Data extracted from a collection
* * * * * * * * *

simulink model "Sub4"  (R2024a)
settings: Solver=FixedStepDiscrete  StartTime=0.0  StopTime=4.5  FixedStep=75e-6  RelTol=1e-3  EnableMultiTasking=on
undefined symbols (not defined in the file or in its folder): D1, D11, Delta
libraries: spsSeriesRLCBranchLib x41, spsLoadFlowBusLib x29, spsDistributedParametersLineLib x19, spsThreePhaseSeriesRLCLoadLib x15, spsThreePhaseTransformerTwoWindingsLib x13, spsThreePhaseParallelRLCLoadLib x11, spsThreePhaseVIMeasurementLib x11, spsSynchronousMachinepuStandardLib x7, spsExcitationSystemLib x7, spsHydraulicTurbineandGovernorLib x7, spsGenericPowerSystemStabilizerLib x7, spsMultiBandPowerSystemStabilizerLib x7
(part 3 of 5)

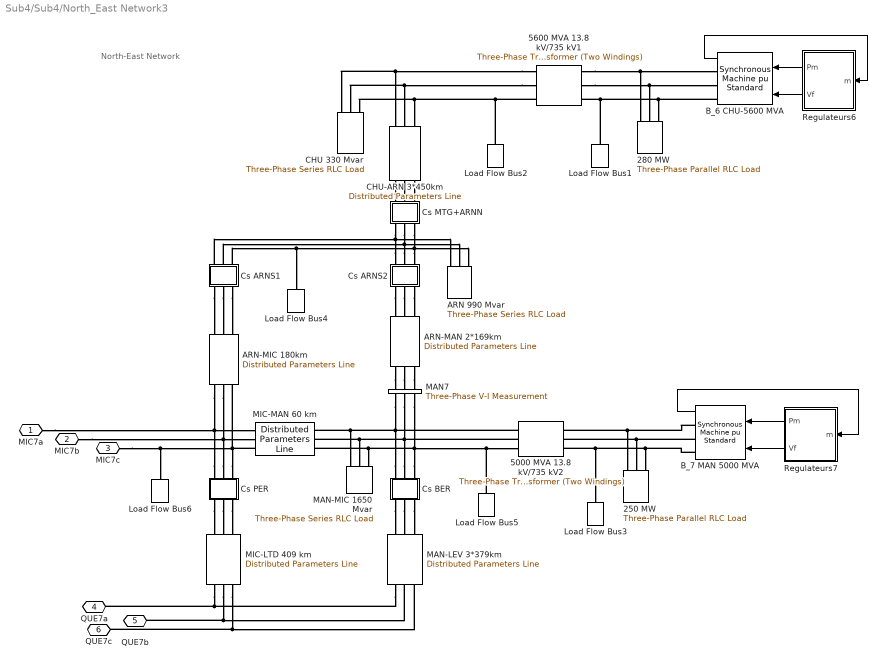
== system Sub4/Sub4/North_East Network3 ==
  note: North-East Network
  250 MW : spsThreePhaseParallelRLCLoadLib/Three-Phase Parallel RLC Load  LConnTagsString=A|B|C  Configuration=Y (grounded)  NominalVoltage=(13800)*1  Vabc=[1e3 1e3 1e3]  Vabcp=[1e3 1e3 1e3]  NominalFrequency=60  UnbalancedPower=off  ActivePower=250000000  InductivePower=0  CapacitivePower=0  Pabc=[10e3 9e3 11e3]  QLabc=[100 90 110]  QCabc=[100 90 110]  Pabcp=[10e3 9e3 11e3]  QLabcp=[100 90 110]  QCabcp=[100 90 110]  Measurements=None  LoadType=constant PQ
  280 MW : spsThreePhaseParallelRLCLoadLib/Three-Phase Parallel RLC Load  LConnTagsString=A|B|C  Configuration=Y (grounded)  NominalVoltage=(13800)*1  Vabc=[1e3 1e3 1e3]  Vabcp=[1e3 1e3 1e3]  NominalFrequency=60  UnbalancedPower=off  ActivePower=280000000  InductivePower=0  CapacitivePower=0  Pabc=[10e3 9e3 11e3]  QLabc=[100 90 110]  QCabc=[100 90 110]  Pabcp=[10e3 9e3 11e3]  QLabcp=[100 90 110]  QCabcp=[100 90 110]  Measurements=None  LoadType=constant PQ
  5000 MVA 13.8 kV/735 kV2 : spsThreePhaseTransformerTwoWindingsLib/Three-Phase Transformer (Two Windings)  Winding1Connection=Delta (D1)  Winding2Connection=Yg  CoreType=Three single-phase transformers  SetSaturation=off  Hysteresis=off  DataFile='basic_model'  SetInitialFlux=off  Measurements=None  UNITS=pu  NominalPower=[ 5000e6 60 ]  Winding1="[ 13.8e3 0.002  0.0]"  Winding2=[ 735e3 0.002 0.12]  Rm=500  Lm=500  L0=0.5  Saturation="[ 0,0  ;  0.005,1.2  ;  1.0,1.4 ]"  InitialFluxes=[ 0.8 , -0.8 , 0.7 ]  BreakLoop=off  DiscreteSolver=Trapezoidal iterative  DataType=off  TransfoNumber=0
  5600 MVA 13.8 kV/735 kV1 : spsThreePhaseTransformerTwoWindingsLib/Three-Phase Transformer (Two Windings)  Winding1Connection=Delta (D1)  Winding2Connection=Yg  CoreType=Three single-phase transformers  SetSaturation=off  Hysteresis=off  DataFile='basic_model'  SetInitialFlux=off  Measurements=None  UNITS=pu  NominalPower=[ 5600e6 60 ]  Winding1="[ 13.8e3 0.002  0.0]"  Winding2=[ 735e3 0.002 0.12]  Rm=500  Lm=500  L0=0.5  Saturation="[ 0,0  ;  0.005,1.2  ;  1.0,1.4 ]"  InitialFluxes=[ 0.8 , -0.8 , 0.7 ]  BreakLoop=off  DiscreteSolver=Trapezoidal iterative  DataType=off  TransfoNumber=0
  ARN 990 Mvar : spsThreePhaseSeriesRLCLoadLib/Three-Phase Series RLC Load  LConnTagsString=A|B|C  Configuration=Y (grounded)  NominalVoltage=735e3  Vabc=[1e3 1e3 1e3]  Vabcp=[1e3 1e3 1e3]  NominalFrequency=60  UnbalancedPower=off  ActivePower=3300000  InductivePower=990e6  CapacitivePower=0  Pabc=[10e3 9e3 11e3]  QLabc=[100 90 110]  QCabc=[100 90 110]  Pabcp=[10e3 9e3 11e3]  QLabcp=[100 90 110]  QCabcp=[100 90 110]  Measurements=None  LoadType=constant Z
  ARN-MAN 2*169km : spsDistributedParametersLineLib/Distributed Parameters Line  Phases=3  Length=169  Frequency=60  Resistance="[0.01273  0.3864]/2"  Inductance="[0.9337e-3  4.1264e-3]/2"  Capacitance=[12.74e-9 7.751e-9]*2  x1=[-0.000975 1.66426565004939e-09 276427.296115043 -784420.047795663;-0.0009 1.59178701377787e-09 298492.841238135 -776291.834335438;-0.000825 1.51803592732269e-09 320319.775751036 -767543.065060509;-0.00075 1.44307134617394e-09 341890.651536257 -758180.733603173;-0.000675 1.36695319587079e-09 363188.225165743 -748212.324067948;-0.0006 1.28974232409794e-09 384195.471684998 -737645.805048896;-0.000525 1.21150045204493e-09 404895.598222576 -726489.623259648;-0.00045 1.13229012506714e-09 425272.057414045 -714752.696781229;-0.000375 1.05217466268798e-09 445308.560629698 -702444.407933087;-0.0003 9.71218107982286e-10 464989.090995432 -689574.595773002;-0.000225 8.89485176381205e-10 484297.916196397 -676153.548231903;-0.00015 8.07041203939704e-10 503219.601053161 -662191.993889842;-7.5e-05 7.23952095107918e-10 521739.019860361 -647701.093399743]  x2=[-0.000975 1.50301647460342e-09 170603.864508789 -782532.609847258;-0.0009 1.45617880236044e-09 192658.333570876 -777396.800423983;-0.000825 1.40817708306313e-09 214558.794508878 -771639.551893019;-0.00075 1.35904968855145e-09 236287.740429409 -765265.466510753;-0.000675 1.3088358905129e-09 257827.801545564 -758279.639623513;-0.0006 1.25757582908933e-09 279161.759062062 -750687.655594424;-0.000525 1.20531048078955e-09 300272.558939683 -742495.583339361;-0.00045 1.15208162573329e-09 321143.325528012 -733709.971475538;-0.000375 1.09793181425286e-09 341757.375055572 -724337.843086658;-0.0003 1.04290433287904e-09 362098.228966576 -714386.690108754;-0.000225 9.87043169738486e-10 382149.627093632 -703864.467341261;-0.00015 9.30392979390309e-10 401895.540655875 -692779.586088062;-7.5e-05 8.72999047129898e-10 421320.185072126 -681140.907433628]  x3=[-0.000975 -6.52958955805801e-13 1329.1720136715 -2414.87241463394;-0.0009 -8.44230426340621e-13 1396.90953145447 -2376.33167069261;-0.000825 -1.03482703198978e-12 1463.53038113142 -2335.89132357282;-0.00075 -1.22459641274296e-12 1528.98130701446 -2293.5837006693;-0.000675 -1.41338686986074e-12 1593.20998863487 -2249.44262204848;-0.0006 -1.6010474871403e-12 1656.1650825673 -2203.50337341321;-0.000525 -1.78742825155548e-12 1717.7962634729 -2155.80267789598;-0.00045 -1.97238017317495e-12 1778.05426432864 -2106.37866670291;-0.000375 -2.1557554042624e-12 1836.89091581062 -2055.27084863236;-0.0003 -2.33740735746385e-12 1894.25918479988 -2002.52007849212;-0.000225 -2.51719082298728e-12 1950.11321197994 -1948.16852444071;-0.00015 -2.69496208468112e-12 2004.40834849608 -1892.25963427884;-7.5e-05 -2.87057903491877e-12 2057.10119164691 -1834.83810071787]  x4=[-0.000975 1.02278224953366e-11 681.724417840483 -9455.17189861565;-0.0009 9.98598605323801e-12 948.756484621656 -9432.11979189438;-0.000825 9.73616696667912e-12 1215.03012998548 -9401.52779292775;-0.00075 9.47856493721543e-12 1480.33249885398 -9363.42035649164;-0.000675 9.21338588796783e-12 1744.45151257275 -9317.8279450877;-0.0006 8.94084179901093e-12 2007.17603844337 -9264.787004592;-0.000525 8.66115053791936e-12 2268.29605849967 -9204.33993512082;-0.00045 8.37453568560783e-12 2527.60283739291 -9136.53505713663;-0.000375 8.08122635760391e-12 2784.88908925156 -9061.42657282144;-0.0003 7.78145702089663e-12 3039.94914338249 -8979.07452274841;-0.000225 7.47546730650714e-12 3292.57910868098 -8889.54473788635;-0.00015 7.1635018179313e-12 3542.57703661814 -8792.90878697541;-7.5e-05 6.84580993560747e-12 3789.74308267548 -8689.24391931618]  x5=0.000955765248222805  V1=ones(3,3)  V2=ones(3,3)  I1=ones(3,3)  I2=ones(3,3)  nHarmo=1  Measurements=None  Decoupling=on  VsMag0=[679080.965035306 679082.342856188 679080.506296934]  VrMag0=[653943.402704951 653944.061381449 653943.214719902]  VsAngle0=[10.4723030523782 -109.527808757273 130.472146471772]  VrAngle0=[3.35889302260268 -116.641159314998 123.358816875039]  IsMag0=[2259.59659727747 2259.62910081935 2259.62302793109]  IrMag0=[7771.00845150682 7771.0004925988 7770.97273571783]  IsAngle0=[19.8888438810371 -100.110858095183 139.888279140977]  IrAngle0=[-4.81594167233342 -124.816211863633 115.183974051701]
      settings: AttributesFormatString=\n  LibrarySourceBlock=sps_lib/Power Grid Elements/Distributed Parameters Line
  ARN-MIC 180km : spsDistributedParametersLineLib/Distributed Parameters Line  Phases=3  Length=180  Frequency=60  Resistance="[0.01273  0.3864]"  Inductance="[0.9337e-3  4.1264e-3]"  Capacitance=[12.74e-9 7.751e-9]  x1=[-0.00105 1.25846980374652e-09 262529.955827328 -774207.772445671;-0.000975 1.18990309098791e-09 284312.34957459 -766476.523484284;-0.0009 1.12038518790449e-09 305867.468379727 -758132.564917507;-0.000825 1.04997166604432e-09 327178.08141057 -749182.566778153;-0.00075 9.78718812899427e-10 348227.153289126 -739633.683557793;-0.000675 9.066835869104e-10 368997.857709397 -729493.548487572;-0.0006 8.33923571934722e-10 389473.590888071 -718770.267436316;-0.000525 7.60496931215097e-10 409637.984837336 -707472.412430826;-0.00045 6.86462360884652e-10 429474.920449193 -695609.014803529;-0.000375 6.11879043046142e-10 448968.540380829 -683189.557972972;-0.0003 5.36806598462684e-10 468103.261730734 -670223.969862923;-0.000225 4.61305038897832e-10 486863.788495431 -656722.614966137;-0.00015 3.85434719143088e-10 505235.123796871 -642696.286059139;-7.5e-05 3.09256288771211e-10 523202.581870704 -628156.195574648]  x2=[-0.00105 4.56021511773203e-09 126759.491965578 -811882.989724351;-0.000975 4.50169247794927e-09 149661.239004126 -807974.954383031;-0.0009 4.43957125407784e-09 172443.349138107 -803421.036225608;-0.000825 4.37390110487363e-09 195087.610697259 -798224.875584581;-0.00075 4.3047345260491e-09 217575.92220536 -792390.626191262;-0.000675 4.23212680830911e-09 239890.306850274 -785922.951855348;-0.0006 4.15613599315226e-09 262012.926854336 -778827.022736746;-0.000525 4.07682282647349e-09 283926.097733603 -771108.511212621;-0.00045 3.99425071000473e-09 305612.302434556 -762773.587342989;-0.000375 3.90848565063247e-09 327054.205336969 -753828.913938461;-0.0003 3.81959620763294e-09 348234.666111732 -744281.641234101;-0.000225 3.7276534378668e-09 369136.753422575 -734139.401173629;-0.00015 3.63273083897744e-09 389743.758460713 -723410.301308568;-7.5e-05 3.53490429063805e-09 410039.208301618 -712102.91831719]  x3=[-0.00105 3.52588969292103e-12 -44.8517351585408 -825.879343626934;-0.000975 3.77869229184614e-12 -21.4861584038212 -826.817643960785;-0.0009 4.02847426196908e-12 1.89659405717708 -827.094998920788;-0.000825 4.27503593140473e-12 25.277830409905 -826.711186793632;-0.00075 4.51818020252705e-12 48.6388600517669 -825.666514392858;-0.000675 4.75771270952595e-12 71.961008533103 -823.9618168136;-0.0006 4.9934419737803e-12 95.2256324852582 -821.598456765019;-0.000525 5.22517955692303e-12 118.414134523806 -818.578323480979;-0.00045 5.45274021147589e-12 141.507978115012 -814.903831209816;-0.000375 5.67594202893342e-12 164.488702393657 -810.577917284431;-0.0003 5.89460658517784e-12 187.337936920371 -805.604039774227;-0.000225 6.10855908310858e-12 210.037416366677 -799.986174720782;-0.00015 6.31762849237237e-12 232.56899511602 -793.728812959465;-7.5e-05 6.52164768608231e-12 254.914661769092 -786.836956529525]  x4=[-0.00105 3.68388905079501e-12 787.856966725056 -5164.02437043881;-0.000975 3.27425714129396e-12 933.532622338121 -5139.68710729563;-0.0009 2.86200784073198e-12 1078.46202625642 -5111.24125691872;-0.000825 2.44747069489231e-12 1222.52932413195 -5078.70955848564;-0.00075 2.03097707842669e-12 1365.61935077109 -5042.11801733838;-0.000675 1.61285992995958e-12 1507.6177221959 -5001.49588419504;-0.0006 1.19345348594203e-12 1648.41092708092 -4956.87563176734;-0.000525 7.73093013468282e-13 1787.88641749236 -4908.29292880234;-0.00045 3.52114542268281e-13 1925.93269885724 -4855.78661156945;-0.000375 -6.91454039092747e-14 2062.43941909041 -4799.39865281531;-0.0003 -4.90350076308906e-13 2197.29745680833 -4739.17412821136;-0.000225 -9.11162770360144e-13 2330.39900855907 -4675.16118032112;-0.00015 -1.33124709483401e-12 2461.63767499866 -4607.41098011569;-7.5e-05 -1.75026724074904e-12 2590.90854594518 -4535.97768606851]  x5=0.00101797482059234  V1=ones(3,3)  V2=ones(3,3)  I1=ones(3,3)  I2=ones(3,3)  nHarmo=1  Measurements=None  Decoupling=on  VsMag0=[667492.500318997 667493.817536454 667492.030186196]  VrMag0=[670930.718084451 670931.402748886 670930.538861588]  VsAngle0=[11.4115363399382 -108.588575536837 131.411382483017]  VrAngle0=[1.55396261635725 -118.446088813397 121.553886266157]  IsMag0=[678.171382863534 678.181184845914 678.186053012205]  IrMag0=[4283.30300695155 4283.29854095558 4283.28683546946]  IsAngle0=[-10.4293295371599 -130.428376510184 109.570429816024]  IrAngle0=[1.35460954054385 -118.645605751902 121.354553630566]
      settings: AttributesFormatString=\n  LibrarySourceBlock=sps_lib/Power Grid Elements/Distributed Parameters Line
  "B_6 CHU-5600 MVA " : spsSynchronousMachinepuStandardLib/Synchronous Machine pu Standard  PresetModel=No  MechanicalLoad=Mechanical power Pm  ShowDetailedParameters=on  RotorType=Salient-pole  Units=per unit standard parameters  MeasurementBus=off  NominalParameters="[ 5600E6  13800   60 ]"  Reactances1=[ 31 32 33 34 35 36 37 ]  Reactances2=[ 1.305, 0.296, 0.252, 0.474, 0.243, 0.18 ]  dAxisTimeConstants=Short-circuit  qAxisTimeConstants=Open-circuit  TimeConstants1=[]  TimeConstants2=[]  TimeConstants3=[]  TimeConstants4=[]  TimeConstants5=[ 1.01, 0.053, 0.1 ]  TimeConstants6=[]  TimeConstants7=[]  TimeConstants8=[]  StatorResistance=2.8544e-3  Mechanical="[ 4.0 0  32]"  PolePairs=32  InitialConditions=[0 -61.7964 0.894782 0.894782 0.894782 8.48442 -111.516 128.484 1.31361]  SetSaturation=off  Saturation=[0.6404,0.7127,0.8441,0.9214,0.9956,1.082,1.19,1.316,1.457;0.7,0.7698,0.8872,0.9466,0.9969,1.046,1.1,1.151,1.201]  LoadFlowParameters=[1 5000000000 0 0 0]  TsPowergui=0  TsBlock=-1  IterativeModel=Trapezoidal non iterative  IterativeDiscreteModel=Trapezoidal non iterative  BusType=PV  Pref=5000000000  Qref=0  Qmin=-Inf  Qmax=Inf  PLF=0  QLF=0
  B_7 MAN 5000 MVA : spsSynchronousMachinepuStandardLib/Synchronous Machine pu Standard  PresetModel=No  MechanicalLoad=Mechanical power Pm  ShowDetailedParameters=on  RotorType=Salient-pole  Units=per unit standard parameters  MeasurementBus=off  NominalParameters="[ 5000E6  13800   60 ]"  Reactances1=[ 31 32 33 34 35 36 37 ]  Reactances2=[ 1.305, 0.296, 0.252, 0.474, 0.243, 0.18 ]  dAxisTimeConstants=Short-circuit  qAxisTimeConstants=Open-circuit  TimeConstants1=[]  TimeConstants2=[]  TimeConstants3=[]  TimeConstants4=[]  TimeConstants5=[ 1.01, 0.053, 0.1 ]  TimeConstants6=[]  TimeConstants7=[]  TimeConstants8=[]  StatorResistance=2.8544e-3  Mechanical="[ 3.7 0  32]"  PolePairs=32  InitialConditions=[0 -81.9543 0.907703 0.907703 0.907703 -8.76021 -128.76 111.24 1.25655]  SetSaturation=off  Saturation=[0.6404,0.7127,0.8441,0.9214,0.9956,1.082,1.19,1.316,1.457;0.7,0.7698,0.8872,0.9466,0.9969,1.046,1.1,1.151,1.201]  LoadFlowParameters=[1 4500000000 0 0 0]  TsPowergui=0  TsBlock=-1  IterativeModel=Trapezoidal non iterative  IterativeDiscreteModel=Trapezoidal non iterative  BusType=PV  Pref=4500000000  Qref=0  Qmin=-Inf  Qmax=Inf  PLF=0  QLF=0
  CHU 330 Mvar : spsThreePhaseSeriesRLCLoadLib/Three-Phase Series RLC Load  LConnTagsString=A|B|C  Configuration=Y (grounded)  NominalVoltage=735e3  Vabc=[1e3 1e3 1e3]  Vabcp=[1e3 1e3 1e3]  NominalFrequency=60  UnbalancedPower=off  ActivePower=1100000  InductivePower=330e6  CapacitivePower=0  Pabc=[10e3 9e3 11e3]  QLabc=[100 90 110]  QCabc=[100 90 110]  Pabcp=[10e3 9e3 11e3]  QLabcp=[100 90 110]  QCabcp=[100 90 110]  Measurements=None  LoadType=constant Z
  CHU-ARN 3*450km : spsDistributedParametersLineLib/Distributed Parameters Line  Phases=3  Length=450  Frequency=60  Resistance="[0.01273  0.3864]/3"  Inductance="[0.9337e-3  4.1264e-3]/3"  Capacitance=[12.74e-9 7.751e-9]*3  x1=[-0.00255 1.83974130674967e-09 0 0;-0.002475 1.75252338019027e-09 0 0;-0.0024 1.66390451325524e-09 0 0;-0.002325 1.57395554651092e-09 0 0;-0.00225 1.48274838378504e-09 0 0;-0.002175 1.39035593468798e-09 0 0;-0.0021 1.29685205632988e-09 0 0;-0.002025 1.20231149428046e-09 0 0;-0.00195 1.10680982281849e-09 0 0;-0.001875 1.01042338451892e-09 0 0;-0.0018 9.13229229225756e-10 0 0;-0.001725 8.15305052459629e-10 0 0;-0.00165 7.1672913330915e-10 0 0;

* * * * * * * * *

> Assignment: Using the entries shown above, reproduce verbatim the lines from the line bearing "5600 MVA 13.8" to the line bearing "ARN 990 Mvar", inclusive.

> Answer section:
  5600 MVA 13.8 kV/735 kV1 : spsThreePhaseTransformerTwoWindingsLib/Three-Phase Transformer (Two Windings)  Winding1Connection=Delta (D1)  Winding2Connection=Yg  CoreType=Three single-phase transformers  SetSaturation=off  Hysteresis=off  DataFile='basic_model'  SetInitialFlux=off  Measurements=None  UNITS=pu  NominalPower=[ 5600e6 60 ]  Winding1="[ 13.8e3 0.002  0.0]"  Winding2=[ 735e3 0.002 0.12]  Rm=500  Lm=500  L0=0.5  Saturation="[ 0,0  ;  0.005,1.2  ;  1.0,1.4 ]"  InitialFluxes=[ 0.8 , -0.8 , 0.7 ]  BreakLoop=off  DiscreteSolver=Trapezoidal iterative  DataType=off  TransfoNumber=0
  ARN 990 Mvar : spsThreePhaseSeriesRLCLoadLib/Three-Phase Series RLC Load  LConnTagsString=A|B|C  Configuration=Y (grounded)  NominalVoltage=735e3  Vabc=[1e3 1e3 1e3]  Vabcp=[1e3 1e3 1e3]  NominalFrequency=60  UnbalancedPower=off  ActivePower=3300000  InductivePower=990e6  CapacitivePower=0  Pabc=[10e3 9e3 11e3]  QLabc=[100 90 110]  QCabc=[100 90 110]  Pabcp=[10e3 9e3 11e3]  QLabcp=[100 90 110]  QCabcp=[100 90 110]  Measurements=None  LoadType=constant Z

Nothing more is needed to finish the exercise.